Apakah wilayah indonesia semakin luas atau semakin sempit setelah dicapai perundingan renville

Perjanjian Renville merupakan perundingan berikutnya yang dilakukan setelah Perjanjian Linggarjati. Sama seperti perjanjian sebelumnya, Perundingan Renville juga menjadi bukti perjuangan mempertahankan kemerdekaan Indonesia secara diplomasi.

Peritiwa Sebelum Perjanjian Renville

Perundingan Linggarjati yang disahkan pada 25 Maret 1947 ternyata dilanggar oleh pihak Belanda. Seusai perjanjian tersebut Belanda justru melakukan serangan yang disebut sebagai Agresi Militer Belanda I.

Menurut penjelasan di buku “Sejarah Indonesia Paket C Setara SMA/MA”, agresi militer ini dimulai pada tanggal 20 Juli 1947. Saat itu, Belanda berhasil menerobos ke daerah yang dikuasai Indonesia di Sumatera, Jawa Barat, Jawa Tengah, dan Jawa Timur.
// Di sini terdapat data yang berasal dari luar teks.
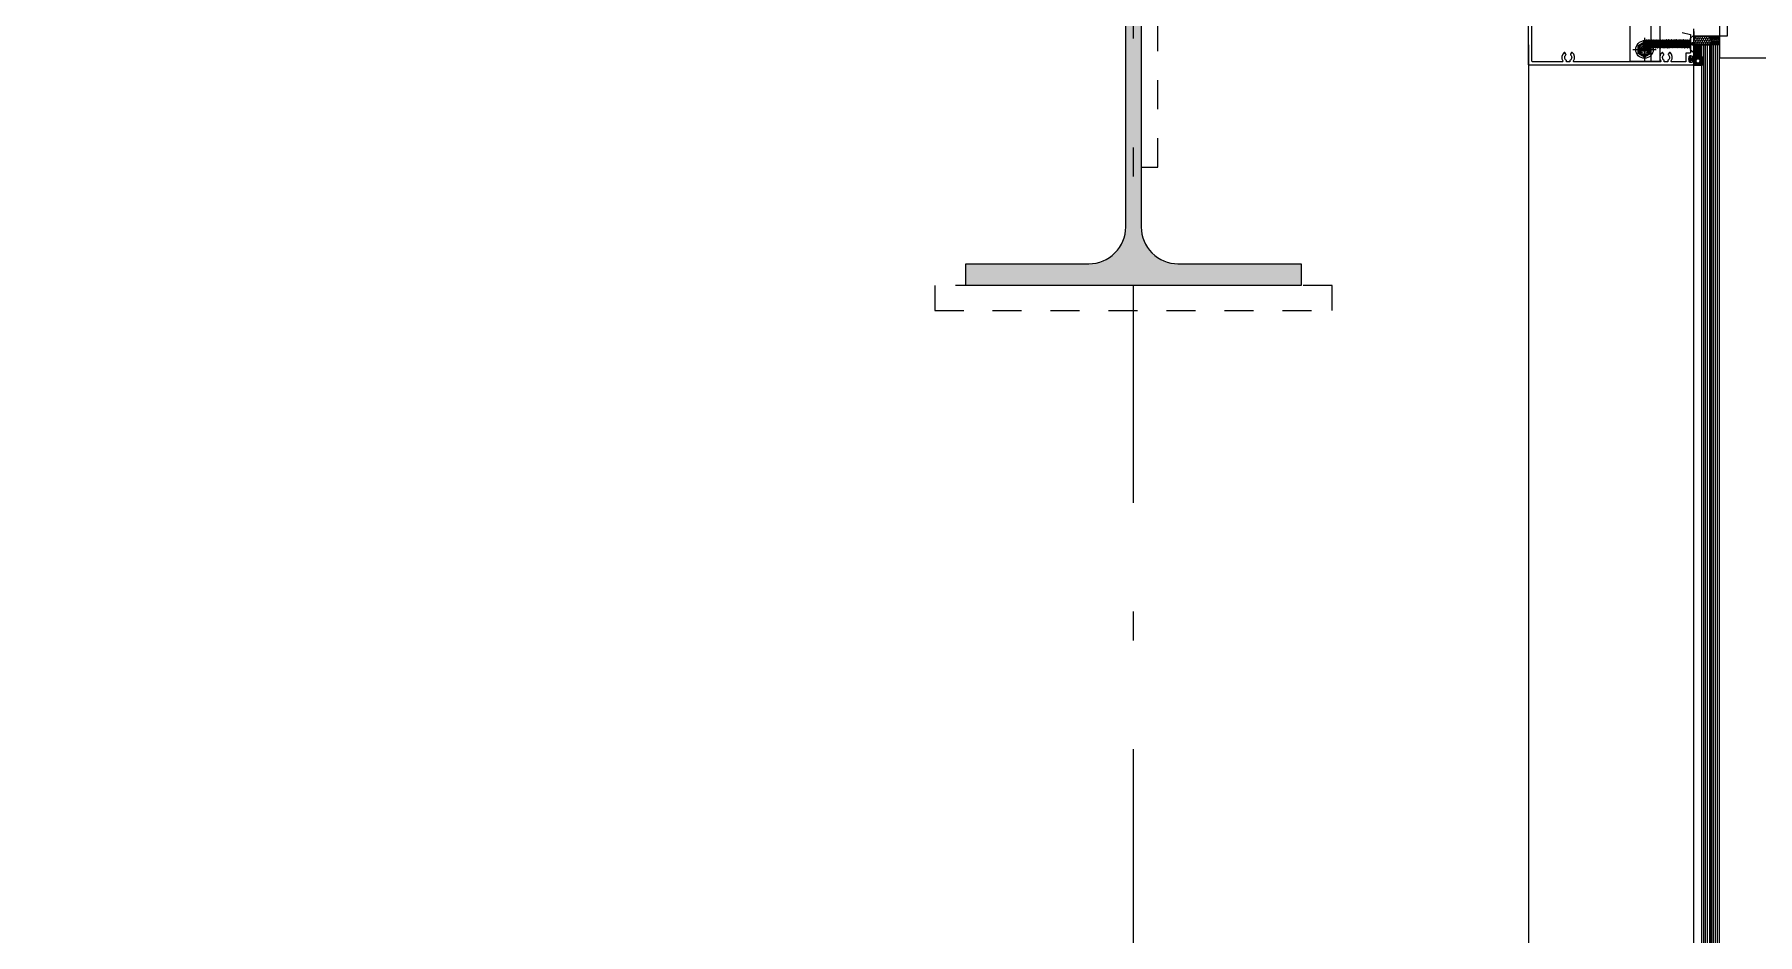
# Model space of a CAD drawing. Header units: millimetres. Extents: x -101 to 3415, y -52 to 1366.
# Drawn here: x 314.67 to 320.62, y 91.61 to 94.71 of the extents above; entities that cross this region are included whole.
import ezdxf

# ---------------------------------------------------------------- set-up
doc = ezdxf.new("R2010")
doc.units = ezdxf.units.MM
doc.set_wipeout_variables(frame=1)
doc.linetypes.add('DASHDOT2', pattern=[0.5, 0.25, -0.125, 0, -0.125])
doc.linetypes.add('OCULTA2', pattern=[0.3, 0.2, -0.1])
for name, color, linetype in [('00_ARQ', 8, 'Continuous'), ('A-CANCELERIA', 2, 'Continuous'), ('A-ESTRUCTURA', 6, 'Continuous')]:
    doc.layers.add(name, color=color, linetype=linetype)

# ---------------------------------------------------------------- blocks, each defined once
blk = doc.blocks.new('A$C54DE39B3')
at = {"layer": 'A-ESTRUCTURA', "color": 8, "linetype": 'OCULTA2', "ltscale": 0.1}
for points in [[(-0.1, 0.019), (0.1, 0.019), (0.1, 0), (-0.1, 0)], [(-0.00585, -0.089), (-0.00585, -0.589), (-0.01835, -0.589), (-0.01835, -0.089)], [(-0.15, -0.678), (0.15, -0.678), (0.15, -0.697), (-0.15, -0.697)]]:
    blk.add_lwpolyline(points, close=True, dxfattribs=at)
blk = doc.blocks.new('AUDIT_I_220507212152-0')
at = {"layer": 'A-CANCELERIA'}
h = blk.add_hatch(dxfattribs=at)
h.set_pattern_fill('SELLADOR', color=256, scale=0.0254, angle=-90, style=0)
h.set_pattern_definition([(270, (257.1545674, -70.7400958), (0.00025604724, -0.00012802362), [0, -0.00025604724])])
edge = h.paths.add_edge_path()
edge.add_line((261.7578, -71.5904), (261.7488, -71.5904))
edge.add_arc((261.7488, -71.5901), 0.0003, 195.9883, 270, ccw=False)
edge.add_arc((261.7294, -71.5936), 0.0195, -9.3796, 10.0551, ccw=False)
edge.add_line((261.7486, -71.5968), (261.7546, -71.5968))
edge.add_line((261.7546, -71.5968), (261.7578, -71.5968))
edge.add_arc((261.7578, -71.5936), 0.00318, 90.0188, 270, ccw=False)
h = blk.add_hatch(dxfattribs=at)
h.set_pattern_fill('ANSI37', color=256, scale=0.0002, angle=-90, style=0)
h.set_pattern_definition([(315, (260.1413795, -77.09838193), (0.000449012806, 0.000449012806), []), (45, (260.1413795, -77.09838193), (-0.000449012806, 0.000449012806), [])])
edge = h.paths.add_edge_path()
edge.add_line((261.7683, -71.6122), (261.7681, -71.6104))
edge.add_line((261.7681, -71.6104), (261.7681, -71.6092))
edge.add_arc((261.7685, -71.6092), 0.000381, 101.3999, 180, ccw=False)
edge.add_line((261.7684, -71.6088), (261.7706, -71.6083))
edge.add_arc((261.7706, -71.6085), 0.000127, -14.6322, 101.3999, ccw=False)
edge.add_line((261.7708, -71.6085), (261.7705, -71.6096))
edge.add_arc((261.7708, -71.6097), 0.000381, 165.3678, 345.3678)
edge.add_line((261.7712, -71.6098), (261.7718, -71.6076))
edge.add_line((261.7718, -71.6076), (261.7712, -71.6054))
edge.add_arc((261.7708, -71.6055), 0.000381, 14.6322, 194.6322)
edge.add_line((261.7705, -71.6056), (261.7708, -71.6067))
edge.add_arc((261.7706, -71.6067), 0.000127, -101.3999, 14.6322, ccw=False)
edge.add_line((261.7706, -71.6068), (261.7684, -71.6064))
edge.add_arc((261.7685, -71.606), 0.000381, 180, 258.6001, ccw=False)
edge.add_line((261.7681, -71.606), (261.7681, -71.6058))
edge.add_line((261.7681, -71.6058), (261.7618, -71.6058))
edge.add_line((261.7618, -71.6058), (261.7618, -71.6076))
edge.add_line((261.7618, -71.6076), (261.7618, -71.6104))
edge.add_line((261.7618, -71.6104), (261.7618, -71.6122))
edge.add_line((261.7618, -71.6122), (261.7683, -71.6122))
edge = h.paths.add_edge_path(flags=16)
edge.add_line((261.7638, -71.6092), (261.7638, -71.6087))
edge.add_arc((261.7649, -71.6087), 0.00114, 0, 180, ccw=False)
edge.add_line((261.7661, -71.6087), (261.7661, -71.6092))
edge.add_arc((261.7649, -71.6092), 0.00114, -180, 0, ccw=False)

msp = doc.modelspace()

# ---------------------------------------------------------------- hatches: boundary and pattern name
at = {"layer": '00_ARQ'}
h = msp.add_hatch(color=9, dxfattribs=at)
edge = h.paths.add_edge_path()
edge.add_line((318.4902, 96.7437), (318.4902, 94.0458))
edge.add_arc((318.617, 94.0458), 0.1267, 180, 270)
edge.add_line((318.617, 93.9191), (319.0419, 93.9191))
edge.add_line((319.0419, 93.9191), (319.0419, 93.8445))
edge.add_line((319.0419, 93.8445), (317.885, 93.8445))
edge.add_line((317.885, 93.8445), (317.885, 93.9191))
edge.add_line((317.885, 93.9191), (318.31, 93.9191))
edge.add_arc((318.31, 94.0458), 0.1267, 270, 360)
edge.add_line((318.4367, 94.0458), (318.4367, 96.7437))
edge.add_arc((318.31, 96.7437), 0.1267, 0, 90)
edge.add_line((318.31, 96.8704), (317.885, 96.8704))
edge.add_line((317.885, 96.8704), (317.885, 96.945))
edge.add_line((317.885, 96.945), (319.0419, 96.945))
edge.add_line((319.0419, 96.945), (319.0419, 96.8704))
edge.add_line((319.0419, 96.8704), (318.617, 96.8704))
edge.add_arc((318.617, 96.7437), 0.1267, 90, 180)
h = msp.add_hatch(dxfattribs=at)
h.set_pattern_fill('DOTS', color=9, scale=0.000457292, style=0)
h.set_pattern_definition([(180, (316.7277151, 103.2492474), (-0.0003629754, 0.0007259508), [0, -0.0007259508])])
edge = h.paths.add_edge_path()
edge.add_ellipse((320.4118, 94.7359), major_axis=(-0.0445, 0.0445), ratio=1, start_angle=121.19509, end_angle=146.38358)
edge.add_line((320.4242, 94.6742), (320.4242, 94.6339))
edge.add_ellipse((320.4118, 94.6956), major_axis=(-0.0445, 0.0445), ratio=1, start_angle=139.61183, end_angle=146.38358, ccw=False)
edge.add_line((320.4168, 94.6328), (320.4067, 94.6328))
edge.add_ellipse((320.4118, 94.6956), major_axis=(0.0445, 0.0445), ratio=1, start_angle=211.19509, end_angle=220.38817, ccw=False)
edge.add_line((320.3968, 94.6345), (320.3968, 94.6748))
h = msp.add_hatch(dxfattribs=at)
h.set_pattern_fill('HONEY', color=9, scale=0.001372, angle=90, style=0)
h.set_pattern_definition([(90, (341.5284663, 98.5916562), (0.0037721501, 0.0065335572), [0.0043557048, -0.0087114096]), (330, (341.5284663, 98.5916562), (0.00377215146, -0.0065335564), [0.0043557048, -0.0087114096]), (30, (341.5284663, 98.5916562), (0.0075443016, 8e-10), [-0.0087114096, 0.0043557048])])
edge = h.paths.add_edge_path()
edge.add_line((320.4113, 94.7035), (320.4441, 94.7033))
edge.add_arc((320.4441, 94.6887), 0.0145, -90, 90, ccw=False)
edge.add_line((320.4441, 94.6742), (320.4113, 94.6745))
edge.add_arc((320.4113, 94.689), 0.0145, 90, 270, ccw=False)

# ---------------------------------------------------------------- linework, layer by layer
at = {"layer": '00_ARQ', "color": 9, "linetype": 'DASHDOT2', "ltscale": 3}
msp.add_line((318.4635, 38.6952), (318.4635, 195.7659), dxfattribs=at)
at = {"layer": '00_ARQ', "color": 9}
for p, q in [((320.223, 94.6896), (320.223, 94.6655)), ((320.3968, 94.6772), (320.3707, 94.6772)), ((320.4513, 94.6742), (320.4583, 94.6742))]:
    msp.add_line(p, q, dxfattribs=at)
for points in [[(342.3581, 96.0013), (320.4861, 96.0013), (320.4861, 94.6294), (342.3581, 94.6294)], [(320.2793, 94.6164), (320.1776, 94.6164), (320.1776, 94.8816), (320.2793, 94.8816)], [(320.2049, 94.6701), (320.2267, 94.6827), (320.2485, 94.6701), (320.2485, 94.645), (320.2267, 94.6324), (320.2049, 94.645)], [(320.2049, 94.6701), (320.2049, 94.645), (320.2267, 94.6324), (320.2485, 94.645), (320.2485, 94.6701), (320.2267, 94.6827)], [(320.2049, 94.6619), (320.2485, 94.6619), (320.2485, 94.6532), (320.2049, 94.6532)], [(320.2272, 94.6911), (320.2254, 94.6879), (320.2283, 94.6664), (320.2301, 94.6633), (320.2308, 94.6633), (320.2326, 94.6664), (320.2297, 94.6879), (320.2279, 94.6911)], [(320.2366, 94.6633), (320.2359, 94.6633), (320.2341, 94.6664), (320.2312, 94.6879), (320.233, 94.6911), (320.2337, 94.6911), (320.2355, 94.6879), (320.2385, 94.6664)], [(320.2424, 94.6633), (320.2417, 94.6633), (320.2399, 94.6664), (320.237, 94.6879), (320.2388, 94.6911), (320.2395, 94.6911), (320.2414, 94.6879), (320.2443, 94.6664)], [(320.2483, 94.6633), (320.2475, 94.6633), (320.2457, 94.6664), (320.2428, 94.6879), (320.2446, 94.6911), (320.2453, 94.6911), (320.2472, 94.6879), (320.2501, 94.6664)], [(320.2504, 94.6911), (320.2486, 94.6879), (320.2515, 94.6664), (320.2533, 94.6633), (320.2541, 94.6633), (320.2559, 94.6664), (320.253, 94.6879), (320.2512, 94.6911)], [(320.2599, 94.6633), (320.2591, 94.6633), (320.2573, 94.6664), (320.2544, 94.6879), (320.2562, 94.6911), (320.257, 94.6911), (320.2588, 94.6879), (320.2617, 94.6664)], [(320.262, 94.6911), (320.2602, 94.6879), (320.2631, 94.6664), (320.2649, 94.6633), (320.2657, 94.6633), (320.2675, 94.6664), (320.2646, 94.6879), (320.2628, 94.6911)], [(320.2679, 94.6911), (320.266, 94.6879), (320.2689, 94.6664), (320.2708, 94.6633), (320.2715, 94.6633), (320.2733, 94.6664), (320.2704, 94.6879), (320.2686, 94.6911)], [(320.2773, 94.6633), (320.2766, 94.6633), (320.2748, 94.6664), (320.2718, 94.6879), (320.2737, 94.6911), (320.2744, 94.6911), (320.2762, 94.6879), (320.2791, 94.6664)], [(320.2795, 94.6911), (320.2777, 94.6879), (320.2806, 94.6664), (320.2824, 94.6633), (320.2831, 94.6633), (320.2849, 94.6664), (320.282, 94.6879), (320.2802, 94.6911)], [(320.2889, 94.6633), (320.2882, 94.6633), (320.2864, 94.6664), (320.2835, 94.6879), (320.2853, 94.6911), (320.286, 94.6911), (320.2878, 94.6879), (320.2907, 94.6664)], [(320.2911, 94.6911), (320.2893, 94.6879), (320.2922, 94.6664), (320.294, 94.6633), (320.2947, 94.6633), (320.2965, 94.6664), (320.2936, 94.6879), (320.2918, 94.6911)], [(320.3005, 94.6633), (320.2998, 94.6633), (320.298, 94.6664), (320.2951, 94.6879), (320.2969, 94.6911), (320.2976, 94.6911), (320.2994, 94.6879), (320.3023, 94.6664)], [(320.3027, 94.6911), (320.3009, 94.6879), (320.3038, 94.6664), (320.3056, 94.6633), (320.3063, 94.6633), (320.3081, 94.6664), (320.3052, 94.6879), (320.3034, 94.6911)], [(320.3179, 94.6633), (320.3172, 94.6633), (320.3154, 94.6664), (320.3125, 94.6879), (320.3143, 94.6911), (320.315, 94.6911), (320.3169, 94.6879), (320.3198, 94.6664)], [(320.3201, 94.6911), (320.3183, 94.6879), (320.3212, 94.6664), (320.323, 94.6633), (320.3238, 94.6633), (320.3256, 94.6664), (320.3227, 94.6879), (320.3208, 94.6911)], [(320.3296, 94.6633), (320.3288, 94.6633), (320.327, 94.6664), (320.3241, 94.6879), (320.3259, 94.6911), (320.3267, 94.6911), (320.3285, 94.6879), (320.3314, 94.6664)], [(320.3317, 94.6911), (320.3299, 94.6879), (320.3328, 94.6664), (320.3346, 94.6633), (320.3354, 94.6633), (320.3372, 94.6664), (320.3343, 94.6879), (320.3325, 94.6911)], [(320.3375, 94.6911), (320.3357, 94.6879), (320.3386, 94.6664), (320.3404, 94.6633), (320.3412, 94.6633), (320.343, 94.6664), (320.3401, 94.6879), (320.3383, 94.6911)], [(320.347, 94.6633), (320.3463, 94.6633), (320.3444, 94.6664), (320.3415, 94.6879), (320.3434, 94.6911), (320.3441, 94.6911), (320.3459, 94.6879), (320.3488, 94.6664)], [(320.3492, 94.6911), (320.3473, 94.6879), (320.3502, 94.6664), (320.3521, 94.6633), (320.3528, 94.6633), (320.3546, 94.6664), (320.3517, 94.6879), (320.3499, 94.6911)], [(320.3586, 94.6633), (320.3579, 94.6633), (320.3561, 94.6664), (320.3532, 94.6879), (320.355, 94.6911), (320.3557, 94.6911), (320.3575, 94.6879), (320.3604, 94.6664)], [(320.3608, 94.6911), (320.359, 94.6879), (320.3619, 94.6664), (320.3637, 94.6633), (320.3644, 94.6633), (320.3662, 94.6664), (320.3633, 94.6879), (320.3615, 94.6911)], [(320.3702, 94.6633), (320.3695, 94.6633), (320.3677, 94.6664), (320.3648, 94.6879), (320.3666, 94.6911), (320.3673, 94.6911), (320.3691, 94.6879), (320.372, 94.6664)], [(320.3724, 94.6911), (320.3706, 94.6879), (320.3735, 94.6664), (320.3753, 94.6633), (320.376, 94.6633), (320.3778, 94.6664), (320.3749, 94.6879), (320.3731, 94.6911)], [(320.3818, 94.6633), (320.3811, 94.6633), (320.3793, 94.6664), (320.3764, 94.6879), (320.3782, 94.6911), (320.3789, 94.6911), (320.3807, 94.6879), (320.3836, 94.6664)], [(320.3968, 94.6724), (320.3911, 94.6724), (320.3911, 94.682), (320.3968, 94.682), (320.3968, 94.7066), (320.3844, 94.6962), (320.3844, 94.6582), (320.3968, 94.6478)]]:
    msp.add_lwpolyline(points, close=True, dxfattribs=at)
for points in [[(320.3968, 94.7198), (320.3968, 94.6338, -0.669376), (320.3938, 94.6325, 0.199773), (320.3864, 94.6356), (320.3851, 94.6356, 0.414214), (320.3793, 94.6298), (320.3793, 94.6196, 0.414214), (320.3851, 94.6138), (320.3864, 94.6138, 0.199773), (320.3938, 94.6169, -0.669376), (320.3968, 94.6157), (320.3968, 94.6157), (320.3968, 94.6061, -0.414214), (320.3945, 94.6038), (319.8285, 94.6038, -0.414214), (319.8268, 94.6055), (319.8268, 94.8924, -0.414214)], [(320.3569, 94.7169), (320.3852, 94.7093, -0.339454), (320.3858, 94.7085), (320.3858, 94.647, -0.414214), (320.3844, 94.6456), (320.3707, 94.6456, 0.414214), (320.3693, 94.6442), (320.3693, 94.6161, -0.414214), (320.368, 94.6148), (320.3215, 94.6148, -0.597055), (320.3194, 94.6185, 0.38562), (320.315, 94.6475, 0.433937), (320.313, 94.6472), (320.3089, 94.6415, 0.384737), (320.3092, 94.6397, -0.496289), (320.3079, 94.6204, 0.251974), (320.3073, 94.6193), (320.3073, 94.6161, -0.414214), (320.3059, 94.6148), (320.2965, 94.6148, -0.414214), (320.2951, 94.6161), (320.2951, 94.6193, 0.251973), (320.2945, 94.6204, -0.496295), (320.2932, 94.6397, 0.384687), (320.2934, 94.6415), (320.2894, 94.6472, 0.434031), (320.2874, 94.6475, 0.385613), (320.2829, 94.6185, -0.597063), (320.2809, 94.6148), (319.9838, 94.6148, -0.597023), (319.9818, 94.6185, 0.38562), (319.9773, 94.6475, 0.433937), (319.9753, 94.6472), (319.9713, 94.6415, 0.384737), (319.9715, 94.6397, -0.496289), (319.9702, 94.6204, 0.251974), (319.9696, 94.6193), (319.9696, 94.6161, -0.414214), (319.9682, 94.6148), (319.9588, 94.6148, -0.414214), (319.9574, 94.6161), (319.9574, 94.6193, 0.251973), (319.9568, 94.6204, -0.496295), (319.9556, 94.6397, 0.384687), (319.9558, 94.6415), (319.9517, 94.6472, 0.434031), (319.9498, 94.6475, 0.385613), (319.9453, 94.6185, -0.597036), (319.9432, 94.6148), (319.8414, 94.6148, -0.414214), (319.8377, 94.6184), (319.8377, 94.8796, -0.414214)], [(320.5127, 94.793), (320.5127, 94.705, -0.414214), (320.511, 94.7033), (320.3985, 94.7033, -0.414214), (320.3968, 94.705), (320.3968, 94.729, 0.414214)], [(319.8268, 81.4744), (319.8268, 81.3045), (320.0702, 81.3045), (320.0839, 81.3182), (320.0839, 81.4394, -0.414214), (320.1068, 81.4623), (320.1711, 81.4623, -0.414214), (320.194, 81.4394), (320.194, 81.3182), (320.2077, 81.3045), (320.3589, 81.3045), (320.3589, 81.3813, -0.414214), (320.3703, 81.3928), (320.3967, 81.3928), (320.3967, 94.6742)]]:
    msp.add_lwpolyline(points, format="xyb", dxfattribs=at)
for points in [[(320.2503, 94.6164), (320.2503, 94.8816)], [(319.8268, 94.6742), (319.8268, 81.961)], [(320.2049, 94.6619), (320.2485, 94.6619)], [(320.223, 94.6896), (320.2239, 94.6879), (320.2268, 94.6664), (320.225, 94.6633), (320.2243, 94.6633), (320.223, 94.6655)], [(320.225, 94.6633), (320.223, 94.6827)], [(320.223, 94.6758), (320.2243, 94.6633)], [(320.2239, 94.6879), (320.2254, 94.6879)], [(320.2267, 94.6974), (320.2267, 94.6177)], [(320.2268, 94.6664), (320.2283, 94.6664)], [(320.2272, 94.6911), (320.2301, 94.6633)], [(320.2279, 94.6911), (320.2308, 94.6633)], [(320.2312, 94.6879), (320.2297, 94.6879)], [(320.2341, 94.6664), (320.2326, 94.6664)], [(320.233, 94.6911), (320.2359, 94.6633)], [(320.2334, 94.6718), (320.2341, 94.6664), (320.2359, 94.6633), (320.2366, 94.6633), (320.2385, 94.6664), (320.2355, 94.6879), (320.2337, 94.6911), (320.2334, 94.6911)], [(320.2334, 94.6911), (320.2334, 94.6664), (320.2341, 94.6664)], [(320.2334, 94.6876), (320.2359, 94.6633)], [(320.2337, 94.6911), (320.2366, 94.6633)], [(320.2366, 94.6633), (320.2337, 94.6911)], [(320.237, 94.6879), (320.2355, 94.6879)], [(320.2355, 94.6879), (320.237, 94.6879)], [(320.2399, 94.6664), (320.2385, 94.6664)], [(320.2385, 94.6664), (320.2399, 94.6664)], [(320.2388, 94.6911), (320.2417, 94.6633)], [(320.2392, 94.6718), (320.2399, 94.6664), (320.2417, 94.6633), (320.2424, 94.6633), (320.2443, 94.6664), (320.2414, 94.6879), (320.2395, 94.6911), (320.2392, 94.6911)], [(320.2392, 94.6911), (320.2392, 94.6664), (320.2399, 94.6664)], [(320.2392, 94.6876), (320.2417, 94.6633)], [(320.2395, 94.6911), (320.2424, 94.6633)], [(320.2424, 94.6633), (320.2395, 94.6911)], [(320.2428, 94.6879), (320.2414, 94.6879)], [(320.2414, 94.6879), (320.2428, 94.6879)], [(320.2457, 94.6664), (320.2443, 94.6664)], [(320.2443, 94.6664), (320.2457, 94.6664)], [(320.2446, 94.6911), (320.2475, 94.6633)], [(320.2483, 94.6633), (320.2453, 94.6911)], [(320.2472, 94.6879), (320.2486, 94.6879)], [(320.2501, 94.6664), (320.2515, 94.6664)], [(320.2504, 94.6911), (320.2533, 94.6633)], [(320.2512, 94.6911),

Pada agresi militer I ini, Belanda juga membawa dua pasukan khusus yaitu Korps Speciale Troepen (KTS) di bawah Wasterling yang berpangkat Kapten dan Pasukan Para I (1e para compagnie) di bawah Kapten C. Sisselaar. Agresi militer ini membuat Belanda berhasil merebut daerah-daerah penting seperti kota pelabuhan, perkebunan, dan pertambangan.

Baca Juga

Peristiwa serangan Belanda ini membuat Indonesia akhirnya secara resmi mengadu pada PBB karena agresi militer tersebut sudah melanggar perjanjian internasional, yaitu Perjanjian Linggarjati. Namun di lain sisi, Belanda tidak memperhitungkan reaksi dari dunia internasional termasuk Inggris.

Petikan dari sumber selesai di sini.